ほぼ100%の子が「ママはうそつかない」
川辺 子どもたちと倫理的な話をすると、すごく正義感にあふれるっていうか、悪に対する強い嫌悪がありますよね。保護者の伝える社会規範を守ることが絶対っていうか。
河野 それが、まさに大人の影響ですよ。大人の影響なのか、最初から大人なのか分からないけど、極端にいかない。常識のどこに落とすかということは、子どもも大人もやるんです。それをいかに外すかの「揺さぶり」は必要ですね。
川辺 幼い子どもたちと関わっていると、ママが嘘をつくことあるって問いを出したら、子どもたち、特に未就学児は全員、うちのママは嘘なんかつかないよって言うんですね。
たとえばもう8時だから起きなさいと、7時50分にママが言ったとしても、子どもたちは、いや、ママは嘘をついてないって言うんですね。

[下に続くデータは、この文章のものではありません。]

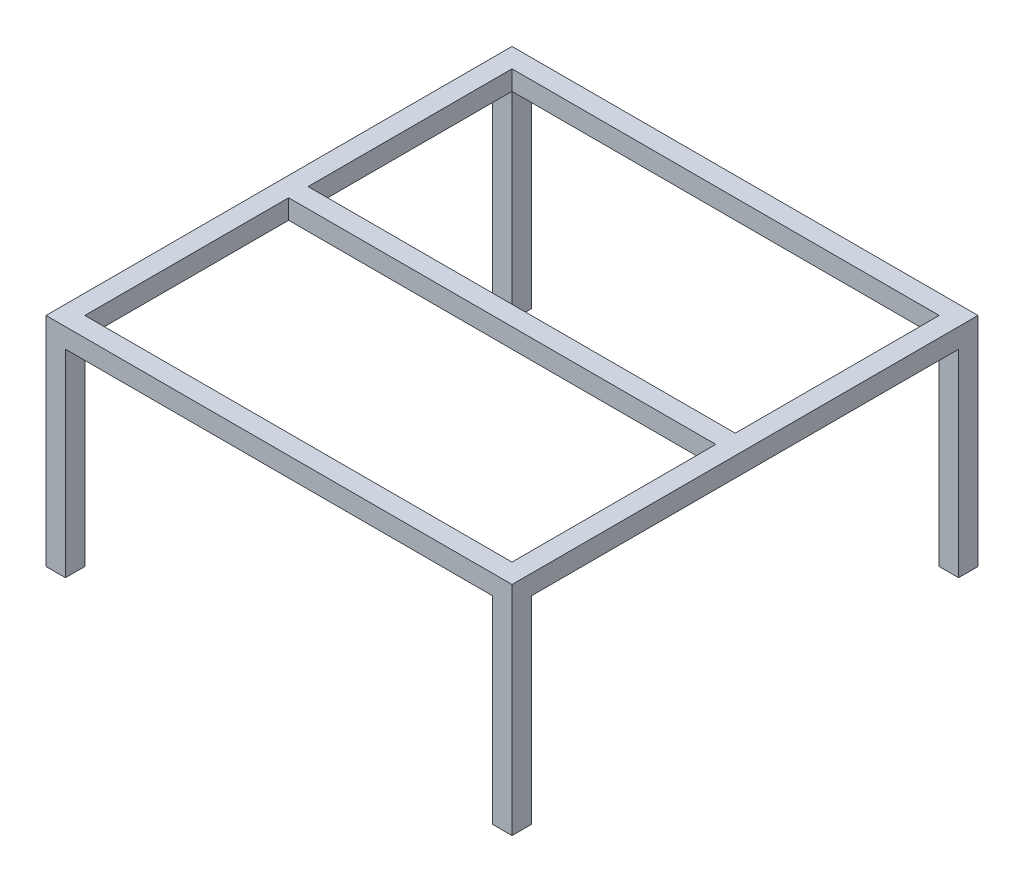
ISO-10303-21;
HEADER;
FILE_DESCRIPTION(('STEP AP214'),'2;1');
FILE_NAME('part.step','',(''),(''),'','','');
FILE_SCHEMA(('AUTOMOTIVE_DESIGN { 1 0 10303 214 1 1 1 1 }'));
ENDSEC;
DATA;
#1=APPLICATION_CONTEXT('core data for automotive mechanical design processes');
#2=APPLICATION_PROTOCOL_DEFINITION('international standard','automotive_design',2000,#1);
#3=PRODUCT_CONTEXT('',#1,'mechanical');
#4=PRODUCT('Part','Part','',(#3));
#5=PRODUCT_RELATED_PRODUCT_CATEGORY('part','',(#4));
#6=PRODUCT_DEFINITION_FORMATION('','',#4);
#7=PRODUCT_DEFINITION_CONTEXT('part definition',#1,'design');
#8=PRODUCT_DEFINITION('design','',#6,#7);
#9=PRODUCT_DEFINITION_SHAPE('','',#8);
#10=(LENGTH_UNIT() NAMED_UNIT(*) SI_UNIT(.MILLI.,.METRE.));
#11=(NAMED_UNIT(*) PLANE_ANGLE_UNIT() SI_UNIT($,.RADIAN.));
#12=(NAMED_UNIT(*) SI_UNIT($,.STERADIAN.) SOLID_ANGLE_UNIT());
#13=UNCERTAINTY_MEASURE_WITH_UNIT(LENGTH_MEASURE(1.E-05),#10,'distance_accuracy_value','');
#14=(GEOMETRIC_REPRESENTATION_CONTEXT(3) GLOBAL_UNCERTAINTY_ASSIGNED_CONTEXT((#13)) GLOBAL_UNIT_ASSIGNED_CONTEXT((#10,
#11,#12)) REPRESENTATION_CONTEXT('',''));
#15=CARTESIAN_POINT('',(0.,0.,0.));
#16=DIRECTION('',(0.,0.,1.));
#17=DIRECTION('',(1.,0.,0.));
#18=AXIS2_PLACEMENT_3D('',#15,#16,#17);
#19=CARTESIAN_POINT('',(0.,11.43,0.));
#20=DIRECTION('',(0.,1.,0.));
#21=DIRECTION('',(0.,0.,1.));
#22=AXIS2_PLACEMENT_3D('',#19,#20,#21);
#23=PLANE('',#22);
#24=CARTESIAN_POINT('',(-32.24841603699,11.43,27.6628605629459));
#25=DIRECTION('',(0.,-1.,0.));
#26=DIRECTION('',(0.,0.,-1.));
#27=AXIS2_PLACEMENT_3D('',#24,#25,#26);
#28=CIRCLE('',#27,1.59512);
#29=CARTESIAN_POINT('',(-32.24841603699,11.43,26.067740562946));
#30=VERTEX_POINT('',#29);
#31=EDGE_CURVE('E525',#30,#30,#28,.T.);
#32=ORIENTED_EDGE('',*,*,#31,.F.);
#33=EDGE_LOOP('',(#32));
#34=FACE_BOUND('',#33,.T.);
#35=DIRECTION('',(1.,0.,0.));
#36=VECTOR('',#35,1.);
#37=CARTESIAN_POINT('',(-35.4234160369899,11.43,30.8378605629459));
#38=LINE('',#37,#36);
#39=CARTESIAN_POINT('',(-35.4234160369899,11.43,30.8378605629459));
#40=VERTEX_POINT('',#39);
#41=CARTESIAN_POINT('',(-29.07341603699,11.43,30.8378605629459));
#42=VERTEX_POINT('',#41);
#43=EDGE_CURVE('E414',#40,#42,#38,.T.);
#44=ORIENTED_EDGE('',*,*,#43,.F.);
#45=DIRECTION('',(0.,0.,1.));
#46=VECTOR('',#45,1.);
#47=CARTESIAN_POINT('',(-35.42341603699,11.43,-121.562139437054));
#48=LINE('',#47,#46);
#49=CARTESIAN_POINT('',(-35.4234160369899,11.43,24.4878605629459));
#50=VERTEX_POINT('',#49);
#51=EDGE_CURVE('E398',#50,#40,#48,.T.);
#52=ORIENTED_EDGE('',*,*,#51,.F.);
#53=DIRECTION('',(-1.,0.,0.));
#54=VECTOR('',#53,1.);
#55=CARTESIAN_POINT('',(-35.4234160369899,11.43,24.4878605629459));
#56=LINE('',#55,#54);
#57=CARTESIAN_POINT('',(-29.07341603699,11.43,24.4878605629459));
#58=VERTEX_POINT('',#57);
#59=EDGE_CURVE('E402',#58,#50,#56,.T.);
#60=ORIENTED_EDGE('',*,*,#59,.F.);
#61=DIRECTION('',(0.,0.,-1.));
#62=VECTOR('',#61,1.);
#63=CARTESIAN_POINT('',(-29.07341603699,11.43,30.8378605629459));
#64=LINE('',#63,#62);
#65=EDGE_CURVE('E42',#42,#58,#64,.T.);
#66=ORIENTED_EDGE('',*,*,#65,.F.);
#67=EDGE_LOOP('',(#44,#52,#60,#66));
#68=FACE_BOUND('',#67,.T.);
#69=ADVANCED_FACE('F39',(#34,#68),#23,.F.);
#70=CARTESIAN_POINT('',(113.80158396301,11.43,27.662860562946));
#71=DIRECTION('',(0.,-1.,0.));
#72=DIRECTION('',(0.,0.,-1.));
#73=AXIS2_PLACEMENT_3D('',#70,#71,#72);
#74=CIRCLE('',#73,1.59512);
#75=CARTESIAN_POINT('',(113.80158396301,11.43,26.0677405629459));
#76=VERTEX_POINT('',#75);
#77=EDGE_CURVE('E549',#76,#76,#74,.T.);
#78=ORIENTED_EDGE('',*,*,#77,.F.);
#79=EDGE_LOOP('',(#78));
#80=FACE_BOUND('',#79,.T.);
#81=DIRECTION('',(-1.,0.,0.));
#82=VECTOR('',#81,1.);
#83=CARTESIAN_POINT('',(116.97658396301,11.43,24.487860562946));
#84=LINE('',#83,#82);
#85=CARTESIAN_POINT('',(116.97658396301,11.43,24.487860562946));
#86=VERTEX_POINT('',#85);
#87=CARTESIAN_POINT('',(110.62658396301,11.43,24.487860562946));
#88=VERTEX_POINT('',#87);
#89=EDGE_CURVE('E403',#86,#88,#84,.T.);
#90=ORIENTED_EDGE('',*,*,#89,.F.);
#91=DIRECTION('',(0.,0.,-1.));
#92=VECTOR('',#91,1.);
#93=CARTESIAN_POINT('',(116.97658396301,11.43,-121.562139437054));
#94=LINE('',#93,#92);
#95=CARTESIAN_POINT('',(116.97658396301,11.43,30.8378605629459));
#96=VERTEX_POINT('',#95);
#97=EDGE_CURVE('E407',#96,#86,#94,.T.);
#98=ORIENTED_EDGE('',*,*,#97,.F.);
#99=CARTESIAN_POINT('',(110.62658396301,11.43,30.8378605629459));
#100=VERTEX_POINT('',#99);
#101=EDGE_CURVE('E410',#100,#96,#38,.T.);
#102=ORIENTED_EDGE('',*,*,#101,.F.);
#103=DIRECTION('',(0.,0.,1.));
#104=VECTOR('',#103,1.);
#105=CARTESIAN_POINT('',(110.62658396301,11.43,30.8378605629459));
#106=LINE('',#105,#104);
#107=EDGE_CURVE('E406',#88,#100,#106,.T.);
#108=ORIENTED_EDGE('',*,*,#107,.F.);
#109=EDGE_LOOP('',(#90,#98,#102,#108));
#110=FACE_BOUND('',#109,.T.);
#111=ADVANCED_FACE('F566',(#80,#110),#23,.F.);
#112=CARTESIAN_POINT('',(113.80158396301,11.43,-118.387139437054));
#113=DIRECTION('',(0.,-1.,0.));
#114=DIRECTION('',(0.,0.,-1.));
#115=AXIS2_PLACEMENT_3D('',#112,#113,#114);
#116=CIRCLE('',#115,1.59512);
#117=CARTESIAN_POINT('',(113.80158396301,11.43,-119.982259437054));
#118=VERTEX_POINT('',#117);
#119=EDGE_CURVE('E541',#118,#118,#116,.T.);
#120=ORIENTED_EDGE('',*,*,#119,.F.);
#121=EDGE_LOOP('',(#120));
#122=FACE_BOUND('',#121,.T.);
#123=DIRECTION('',(-1.,0.,0.));
#124=VECTOR('',#123,1.);
#125=CARTESIAN_POINT('',(-35.42341603699,11.43,-121.562139437054));
#126=LINE('',#125,#124);
#127=CARTESIAN_POINT('',(116.97658396301,11.43,-121.562139437054));
#128=VERTEX_POINT('',#127);
#129=CARTESIAN_POINT('',(110.62658396301,11.43,-121.562139437054));
#130=VERTEX_POINT('',#129);
#131=EDGE_CURVE('E393',#128,#130,#126,.T.);
#132=ORIENTED_EDGE('',*,*,#131,.F.);
#133=CARTESIAN_POINT('',(116.97658396301,11.43,-115.212139437054));
#134=VERTEX_POINT('',#133);
#135=EDGE_CURVE('E411',#134,#128,#94,.T.);
#136=ORIENTED_EDGE('',*,*,#135,.F.);
#137=DIRECTION('',(1.,0.,0.));
#138=VECTOR('',#137,1.);
#139=CARTESIAN_POINT('',(116.97658396301,11.43,-115.212139437054));
#140=LINE('',#139,#138);
#141=CARTESIAN_POINT('',(110.62658396301,11.43,-115.212139437054));
#142=VERTEX_POINT('',#141);
#143=EDGE_CURVE('E397',#142,#134,#140,.T.);
#144=ORIENTED_EDGE('',*,*,#143,.F.);
#145=DIRECTION('',(0.,0.,1.));
#146=VECTOR('',#145,1.);
#147=CARTESIAN_POINT('',(110.62658396301,11.43,30.8378605629459));
#148=LINE('',#147,#146);
#149=EDGE_CURVE('E11',#130,#142,#148,.T.);
#150=ORIENTED_EDGE('',*,*,#149,.F.);
#151=EDGE_LOOP('',(#132,#136,#144,#150));
#152=FACE_BOUND('',#151,.T.);
#153=ADVANCED_FACE('F569',(#122,#152),#23,.F.);
#154=CARTESIAN_POINT('',(-32.24841603699,11.43,-118.387139437054));
#155=DIRECTION('',(0.,-1.,0.));
#156=DIRECTION('',(0.,0.,-1.));
#157=AXIS2_PLACEMENT_3D('',#154,#155,#156);
#158=CIRCLE('',#157,1.59512);
#159=CARTESIAN_POINT('',(-32.24841603699,11.43,-119.982259437054));
#160=VERTEX_POINT('',#159);
#161=EDGE_CURVE('E533',#160,#160,#158,.T.);
#162=ORIENTED_EDGE('',*,*,#161,.F.);
#163=EDGE_LOOP('',(#162));
#164=FACE_BOUND('',#163,.T.);
#165=DIRECTION('',(1.,0.,0.));
#166=VECTOR('',#165,1.);
#167=CARTESIAN_POINT('',(-35.42341603699,11.43,-115.212139437054));
#168=LINE('',#167,#166);
#169=CARTESIAN_POINT('',(-35.42341603699,11.43,-115.212139437054));
#170=VERTEX_POINT('',#169);
#171=CARTESIAN_POINT('',(-29.07341603699,11.43,-115.212139437054));
#172=VERTEX_POINT('',#171);
#173=EDGE_CURVE('E399',#170,#172,#168,.T.);
#174=ORIENTED_EDGE('',*,*,#173,.F.);
#175=CARTESIAN_POINT('',(-35.42341603699,11.43,-121.562139437054));
#176=VERTEX_POINT('',#175);
#177=EDGE_CURVE('E394',#176,#170,#48,.T.);
#178=ORIENTED_EDGE('',*,*,#177,.F.);
#179=CARTESIAN_POINT('',(-29.07341603699,11.43,-121.562139437054));
#180=VERTEX_POINT('',#179);
#181=EDGE_CURVE('E390',#180,#176,#126,.T.);
#182=ORIENTED_EDGE('',*,*,#181,.F.);
#183=DIRECTION('',(0.,0.,-1.));
#184=VECTOR('',#183,1.);
#185=CARTESIAN_POINT('',(-29.07341603699,11.43,30.8378605629459));
#186=LINE('',#185,#184);
#187=EDGE_CURVE('E48',#172,#180,#186,.T.);
#188=ORIENTED_EDGE('',*,*,#187,.F.);
#189=EDGE_LOOP('',(#174,#178,#182,#188));
#190=FACE_BOUND('',#189,.T.);
#191=ADVANCED_FACE('F577',(#164,#190),#23,.F.);
#192=CARTESIAN_POINT('',(-29.07341603699,82.55,30.8378605629459));
#193=DIRECTION('',(-1.,0.,0.));
#194=DIRECTION('',(0.,0.,1.));
#195=AXIS2_PLACEMENT_3D('',#192,#193,#194);
#196=PLANE('',#195);
#197=DIRECTION('',(0.,1.,0.));
#198=VECTOR('',#197,1.);
#199=CARTESIAN_POINT('',(-29.07341603699,82.55,-48.5220858432598));
#200=LINE('',#199,#198);
#201=CARTESIAN_POINT('',(-29.07341603699,76.1659043542835,-48.5220858432598));
#202=VERTEX_POINT('',#201);
#203=CARTESIAN_POINT('',(-29.07341603699,82.55,-48.5220858432598));
#204=VERTEX_POINT('',#203);
#205=EDGE_CURVE('E213',#202,#204,#200,.T.);
#206=ORIENTED_EDGE('',*,*,#205,.F.);
#207=DIRECTION('',(0.,0.,1.));
#208=VECTOR('',#207,1.);
#209=CARTESIAN_POINT('',(-29.07341603699,76.1659043542835,-115.212139437054));
#210=LINE('',#209,#208);
#211=CARTESIAN_POINT('',(-29.07341603699,76.1659043542835,-115.212139437054));
#212=VERTEX_POINT('',#211);
#213=EDGE_CURVE('E289',#212,#202,#210,.T.);
#214=ORIENTED_EDGE('',*,*,#213,.F.);
#215=DIRECTION('',(0.,-1.,0.));
#216=VECTOR('',#215,1.);
#217=CARTESIAN_POINT('',(-29.07341603699,82.55,-115.212139437054));
#218=LINE('',#217,#216);
#219=CARTESIAN_POINT('',(-29.07341603699,82.55,-115.212139437054));
#220=VERTEX_POINT('',#219);
#221=EDGE_CURVE('E219',#220,#212,#218,.T.);
#222=ORIENTED_EDGE('',*,*,#221,.F.);
#223=DIRECTION('',(0.,0.,-1.));
#224=VECTOR('',#223,1.);
#225=CARTESIAN_POINT('',(-29.07341603699,82.55,30.8378605629459));
#226=LINE('',#225,#224);
#227=EDGE_CURVE('E334',#204,#220,#226,.T.);
#228=ORIENTED_EDGE('',*,*,#227,.F.);
#229=EDGE_LOOP('',(#206,#214,#222,#228));
#230=FACE_BOUND('',#229,.T.);
#231=ADVANCED_FACE('F512',(#230),#196,.F.);
#232=CARTESIAN_POINT('',(110.62658396301,82.55,-48.5220858432598));
#233=DIRECTION('',(0.,0.,1.));
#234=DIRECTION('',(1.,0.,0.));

そういうのを聞いてると、やっぱり自分にとって絶対的な存在である保護者が、嘘なんかつくはずがないし、その保護者がだめと言ったことは絶対にしてはいけないという、子どもという立場の弱さみたいなものが、ある種、大人がだめということは守らなければならないという、生きていくすべと直結してる感じがするんですね。
河野 「権力関係」ですよ(笑)。もう、そうですよ。
川辺 これが権力関係か(笑)。だから、子どもの倫理観が強いっていうのは、結果的に、子どもが非常に倫理的に振る舞わなければ、ないがしろにされるような立ち位置にいるのかなと。
対話によって潜んでいた権力関係に気づく
河野 私もそう思います。やっぱり放り出されるとか、育ててもらえなくなるってことに対する恐怖があるんですよね。親がいなくても、たぶん君たちを助けてくれる人はいくらでもいると思うよ、と言いながら哲学対話中に揺さぶっても、やっぱり子どもたちは悪を受け入れないですね。そんなこと言ったら、逆に怖くなっちゃいますからね。
川辺 そういうふうに考えると、子どもが理性的であることの背景に、やっぱり親と子とか、社会と子どもというものが、その立場に強弱がついている感じもするし。
河野 恐怖感だと思いますね。
川辺 やっぱり親子で哲学対話をすることの意味って、僕はそこにあるんじゃないかなって思っています。親子関係の中に潜む権力関係に気づくっていうのが、親の側にも起きてくるし、子どもにとっては、こんなに自由にいろいろ言っても聞いてもらえるんだっていう。本当は思ってたけど、それは言っちゃいけないと思って……みたいなことも言える。
河野 そうですね。子どもが自分でそういうことを確認する機会っていうのは、ないのかもしれません。